Duell im Fernsehzeitalter
Die letzten drei Wochen vor der Wahl waren geprägt von sechs Fernsehduellen, wobei in Zweierdiskussionen jeder Parteichef einmal die Gelegenheit bekommt, mit jedem anderen zu diskutieren. Den Abschluss bildet die so genannte „Elefantenrunde“, bei der alle vier Parteichefs aufeinander treffen. TV- Konfrontationen bestätigen in der Regel die vorhandenen Einstellungen der Zuschauer und sind laut Wahlforschern eher unbedeutend für das Wahlergebnis. Durch die Kürze des österreichischen Wahlkampfes werden den TV- Duellen bei dieser Wahl allerdings großes Wirkungspotential vorausgesagt.
Markant war, wie gut sich wieder Erwarten Wolfgang Schüssel in den ersten beiden Konfrontationen gegen den Chef der Grünen und der FPÖ behaupten konnte. Alle Kommentare sahen ihn als Sieger. Wolfgang Schüssel galt bald als unschlagbar. Mit besonderer Spannung wurde daher sein Duell mit dem Kanzlerkandidaten Alfred Gusenbauer von der SPÖ erwartet.
Gusenbauer, vom Spiegel beschrieben als „ein Hauch von Scharping mit der Ausstrahlung eines spätsowjetischen Kaderleiters“ konnte sich auch überraschend Staatstragend präsentieren, wenn auch bei weitem nicht so gekonnt wie Schüssel. Das Aufeinandertreffen zwischen Schüssel und Gusenbauer wendete das Blatt allerdings zugunsten von Gusenbauer: trat er zuvor als ruhig und über den Dingen stehend auf, präsentierte er sich Schüssel gegenüber als bissiger Oppositionspolitiker. Schüssel, der offensichtlich rund 20 Minuten brauchte, um sich auf den neuen Stil Gusenbauers zu gewöhnen, wirkte natürlich bei weitem nicht so souverän wie in den vorherigen Diskussionen.

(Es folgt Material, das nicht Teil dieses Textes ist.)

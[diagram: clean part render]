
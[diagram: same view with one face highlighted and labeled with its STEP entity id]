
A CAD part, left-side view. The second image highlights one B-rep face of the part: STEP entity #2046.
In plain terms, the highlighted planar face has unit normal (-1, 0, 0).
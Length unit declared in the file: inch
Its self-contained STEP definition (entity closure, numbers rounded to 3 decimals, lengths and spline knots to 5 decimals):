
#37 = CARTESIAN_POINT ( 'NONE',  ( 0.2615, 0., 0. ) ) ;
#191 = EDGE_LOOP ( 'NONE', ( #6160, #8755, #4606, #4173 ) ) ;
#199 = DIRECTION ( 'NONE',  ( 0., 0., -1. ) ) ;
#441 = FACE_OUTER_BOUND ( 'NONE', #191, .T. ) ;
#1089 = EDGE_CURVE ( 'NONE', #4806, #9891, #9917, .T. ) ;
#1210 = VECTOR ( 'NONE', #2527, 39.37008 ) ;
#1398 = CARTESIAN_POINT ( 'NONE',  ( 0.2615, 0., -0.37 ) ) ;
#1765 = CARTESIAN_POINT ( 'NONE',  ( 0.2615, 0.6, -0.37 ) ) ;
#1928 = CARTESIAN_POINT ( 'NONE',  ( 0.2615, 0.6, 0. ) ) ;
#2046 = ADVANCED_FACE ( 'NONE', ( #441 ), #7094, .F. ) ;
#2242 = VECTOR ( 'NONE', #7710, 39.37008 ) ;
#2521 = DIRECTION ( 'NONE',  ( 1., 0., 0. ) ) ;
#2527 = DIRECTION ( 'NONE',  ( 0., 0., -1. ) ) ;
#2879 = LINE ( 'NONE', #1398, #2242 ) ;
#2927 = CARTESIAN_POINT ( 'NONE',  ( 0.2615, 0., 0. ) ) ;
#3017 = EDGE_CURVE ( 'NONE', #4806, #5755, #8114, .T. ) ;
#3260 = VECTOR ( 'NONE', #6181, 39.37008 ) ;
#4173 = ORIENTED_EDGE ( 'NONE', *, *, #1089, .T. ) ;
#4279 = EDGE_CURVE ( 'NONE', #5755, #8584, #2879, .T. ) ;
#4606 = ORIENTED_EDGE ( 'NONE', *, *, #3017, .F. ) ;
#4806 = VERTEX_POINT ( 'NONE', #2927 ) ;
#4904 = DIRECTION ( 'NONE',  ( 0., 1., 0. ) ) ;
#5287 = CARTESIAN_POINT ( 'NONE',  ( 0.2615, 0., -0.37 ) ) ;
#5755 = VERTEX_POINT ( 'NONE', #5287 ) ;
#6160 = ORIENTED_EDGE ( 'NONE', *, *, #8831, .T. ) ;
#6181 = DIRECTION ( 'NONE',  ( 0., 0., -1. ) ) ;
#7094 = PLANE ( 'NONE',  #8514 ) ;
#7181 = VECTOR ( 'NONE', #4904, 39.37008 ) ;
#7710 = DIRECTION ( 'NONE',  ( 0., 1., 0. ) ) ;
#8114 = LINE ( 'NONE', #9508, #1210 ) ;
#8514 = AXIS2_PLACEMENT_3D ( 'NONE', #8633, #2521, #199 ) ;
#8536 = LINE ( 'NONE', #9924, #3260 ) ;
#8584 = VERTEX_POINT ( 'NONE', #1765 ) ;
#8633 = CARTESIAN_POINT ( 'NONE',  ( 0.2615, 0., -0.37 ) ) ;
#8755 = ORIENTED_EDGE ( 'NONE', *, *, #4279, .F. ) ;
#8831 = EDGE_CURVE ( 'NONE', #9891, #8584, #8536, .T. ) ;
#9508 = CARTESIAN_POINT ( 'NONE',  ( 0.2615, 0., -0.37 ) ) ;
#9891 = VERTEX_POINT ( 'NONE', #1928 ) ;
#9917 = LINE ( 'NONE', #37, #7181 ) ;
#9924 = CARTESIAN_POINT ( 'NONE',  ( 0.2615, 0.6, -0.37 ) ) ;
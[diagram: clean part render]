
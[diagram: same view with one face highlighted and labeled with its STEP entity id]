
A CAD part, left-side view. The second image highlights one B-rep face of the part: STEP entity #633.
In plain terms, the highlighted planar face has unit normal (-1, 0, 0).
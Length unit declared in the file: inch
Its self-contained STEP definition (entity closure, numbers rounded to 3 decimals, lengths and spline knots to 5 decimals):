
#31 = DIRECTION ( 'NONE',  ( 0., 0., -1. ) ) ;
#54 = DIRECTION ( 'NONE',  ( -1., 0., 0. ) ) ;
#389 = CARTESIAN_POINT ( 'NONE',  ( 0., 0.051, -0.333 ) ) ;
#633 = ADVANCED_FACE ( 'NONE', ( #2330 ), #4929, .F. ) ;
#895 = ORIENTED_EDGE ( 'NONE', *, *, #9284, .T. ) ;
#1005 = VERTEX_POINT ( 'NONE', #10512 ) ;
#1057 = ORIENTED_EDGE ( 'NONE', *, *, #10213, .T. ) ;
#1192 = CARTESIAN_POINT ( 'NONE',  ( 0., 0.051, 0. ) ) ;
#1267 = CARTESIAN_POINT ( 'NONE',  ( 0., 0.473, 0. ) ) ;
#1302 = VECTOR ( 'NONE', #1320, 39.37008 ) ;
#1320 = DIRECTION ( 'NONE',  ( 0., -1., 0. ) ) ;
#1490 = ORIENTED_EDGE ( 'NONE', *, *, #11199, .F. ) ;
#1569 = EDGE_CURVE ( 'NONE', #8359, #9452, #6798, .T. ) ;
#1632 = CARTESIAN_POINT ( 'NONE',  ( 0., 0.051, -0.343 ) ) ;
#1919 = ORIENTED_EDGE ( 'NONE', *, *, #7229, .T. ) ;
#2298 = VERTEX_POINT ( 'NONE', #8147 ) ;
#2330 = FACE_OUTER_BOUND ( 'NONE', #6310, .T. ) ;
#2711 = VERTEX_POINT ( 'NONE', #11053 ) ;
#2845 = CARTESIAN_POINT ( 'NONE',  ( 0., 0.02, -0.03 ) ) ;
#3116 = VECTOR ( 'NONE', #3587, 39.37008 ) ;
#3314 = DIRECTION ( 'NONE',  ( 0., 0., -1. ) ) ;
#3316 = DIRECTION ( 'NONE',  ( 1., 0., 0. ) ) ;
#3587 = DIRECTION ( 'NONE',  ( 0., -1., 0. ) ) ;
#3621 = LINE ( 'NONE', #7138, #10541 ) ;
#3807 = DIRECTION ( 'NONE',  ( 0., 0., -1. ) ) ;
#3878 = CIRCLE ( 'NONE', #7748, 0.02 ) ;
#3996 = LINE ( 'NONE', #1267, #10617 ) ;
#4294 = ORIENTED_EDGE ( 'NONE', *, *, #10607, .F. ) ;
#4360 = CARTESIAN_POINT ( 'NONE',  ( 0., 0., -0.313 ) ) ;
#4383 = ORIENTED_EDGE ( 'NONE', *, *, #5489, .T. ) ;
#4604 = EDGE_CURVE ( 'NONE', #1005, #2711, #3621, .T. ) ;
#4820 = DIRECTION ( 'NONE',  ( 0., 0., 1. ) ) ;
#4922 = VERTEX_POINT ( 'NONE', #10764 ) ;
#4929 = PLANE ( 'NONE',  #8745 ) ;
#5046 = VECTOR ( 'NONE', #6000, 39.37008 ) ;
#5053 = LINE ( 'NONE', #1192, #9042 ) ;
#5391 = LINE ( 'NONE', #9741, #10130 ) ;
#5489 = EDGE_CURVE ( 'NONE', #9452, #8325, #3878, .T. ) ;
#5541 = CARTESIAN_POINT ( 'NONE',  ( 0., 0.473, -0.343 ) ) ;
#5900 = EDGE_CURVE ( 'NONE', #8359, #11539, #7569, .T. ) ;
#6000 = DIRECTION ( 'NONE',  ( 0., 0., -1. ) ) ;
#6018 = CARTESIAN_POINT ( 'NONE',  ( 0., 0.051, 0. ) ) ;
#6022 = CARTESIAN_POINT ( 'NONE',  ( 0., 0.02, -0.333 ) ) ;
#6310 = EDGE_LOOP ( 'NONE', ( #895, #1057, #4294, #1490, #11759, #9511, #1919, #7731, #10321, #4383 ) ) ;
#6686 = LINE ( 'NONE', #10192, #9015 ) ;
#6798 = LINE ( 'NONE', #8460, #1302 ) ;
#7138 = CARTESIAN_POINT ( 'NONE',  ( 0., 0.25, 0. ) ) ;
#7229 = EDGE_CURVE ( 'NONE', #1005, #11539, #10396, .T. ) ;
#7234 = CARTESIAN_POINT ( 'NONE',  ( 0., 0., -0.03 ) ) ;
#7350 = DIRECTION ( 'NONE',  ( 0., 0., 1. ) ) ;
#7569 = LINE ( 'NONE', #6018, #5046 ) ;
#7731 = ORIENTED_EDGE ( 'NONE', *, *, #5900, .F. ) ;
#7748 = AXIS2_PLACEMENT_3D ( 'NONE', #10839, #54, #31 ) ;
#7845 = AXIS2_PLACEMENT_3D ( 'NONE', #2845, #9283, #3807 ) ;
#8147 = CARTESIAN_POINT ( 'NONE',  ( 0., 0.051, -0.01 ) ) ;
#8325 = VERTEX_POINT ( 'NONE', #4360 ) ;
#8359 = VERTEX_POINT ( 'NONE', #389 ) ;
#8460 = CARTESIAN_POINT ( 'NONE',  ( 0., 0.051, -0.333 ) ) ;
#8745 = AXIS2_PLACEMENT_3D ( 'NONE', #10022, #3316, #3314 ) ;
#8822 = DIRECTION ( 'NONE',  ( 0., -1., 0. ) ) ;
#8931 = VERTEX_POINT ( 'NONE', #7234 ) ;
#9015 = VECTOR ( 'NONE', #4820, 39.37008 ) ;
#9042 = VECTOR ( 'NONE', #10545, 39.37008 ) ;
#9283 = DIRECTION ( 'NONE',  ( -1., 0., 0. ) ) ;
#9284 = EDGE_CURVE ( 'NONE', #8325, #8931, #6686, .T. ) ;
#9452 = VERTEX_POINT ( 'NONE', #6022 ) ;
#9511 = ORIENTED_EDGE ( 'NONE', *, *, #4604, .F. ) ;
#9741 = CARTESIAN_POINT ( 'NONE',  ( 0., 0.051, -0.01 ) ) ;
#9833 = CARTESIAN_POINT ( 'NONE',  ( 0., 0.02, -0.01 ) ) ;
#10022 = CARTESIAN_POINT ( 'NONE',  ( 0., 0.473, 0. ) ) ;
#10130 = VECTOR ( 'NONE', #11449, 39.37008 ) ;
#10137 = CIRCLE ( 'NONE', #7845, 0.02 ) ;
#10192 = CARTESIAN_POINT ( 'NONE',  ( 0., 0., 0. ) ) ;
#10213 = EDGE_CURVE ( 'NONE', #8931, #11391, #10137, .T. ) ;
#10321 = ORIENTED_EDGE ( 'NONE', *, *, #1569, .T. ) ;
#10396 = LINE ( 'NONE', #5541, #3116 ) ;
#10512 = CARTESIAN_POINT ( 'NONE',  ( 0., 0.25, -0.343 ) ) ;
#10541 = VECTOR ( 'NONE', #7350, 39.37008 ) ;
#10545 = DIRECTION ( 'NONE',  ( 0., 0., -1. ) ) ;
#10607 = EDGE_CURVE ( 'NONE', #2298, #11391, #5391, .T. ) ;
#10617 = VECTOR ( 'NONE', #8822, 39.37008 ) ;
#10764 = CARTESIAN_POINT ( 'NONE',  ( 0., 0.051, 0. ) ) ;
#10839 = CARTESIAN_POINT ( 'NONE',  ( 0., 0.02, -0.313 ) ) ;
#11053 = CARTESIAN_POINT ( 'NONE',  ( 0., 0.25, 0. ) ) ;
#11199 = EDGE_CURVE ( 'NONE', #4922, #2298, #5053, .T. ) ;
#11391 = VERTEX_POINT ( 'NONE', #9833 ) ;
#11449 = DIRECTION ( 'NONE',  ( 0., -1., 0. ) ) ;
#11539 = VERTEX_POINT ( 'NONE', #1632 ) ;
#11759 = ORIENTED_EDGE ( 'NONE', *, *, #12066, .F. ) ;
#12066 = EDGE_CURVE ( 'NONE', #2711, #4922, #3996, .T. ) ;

Das Rennen ist auch hier offen. Nachdem Gusenbauer in den Medien nie als gleich kanzlerwürdig mit Schüssel gesehen wurde, änderte sich das, nachdem selbst konservative Zeitungen Gusenbauer eindeutig den Sieg zugestanden. Die Elefantenrunde vier Tage vor der Wahl steht noch aus. Und alles ist offen!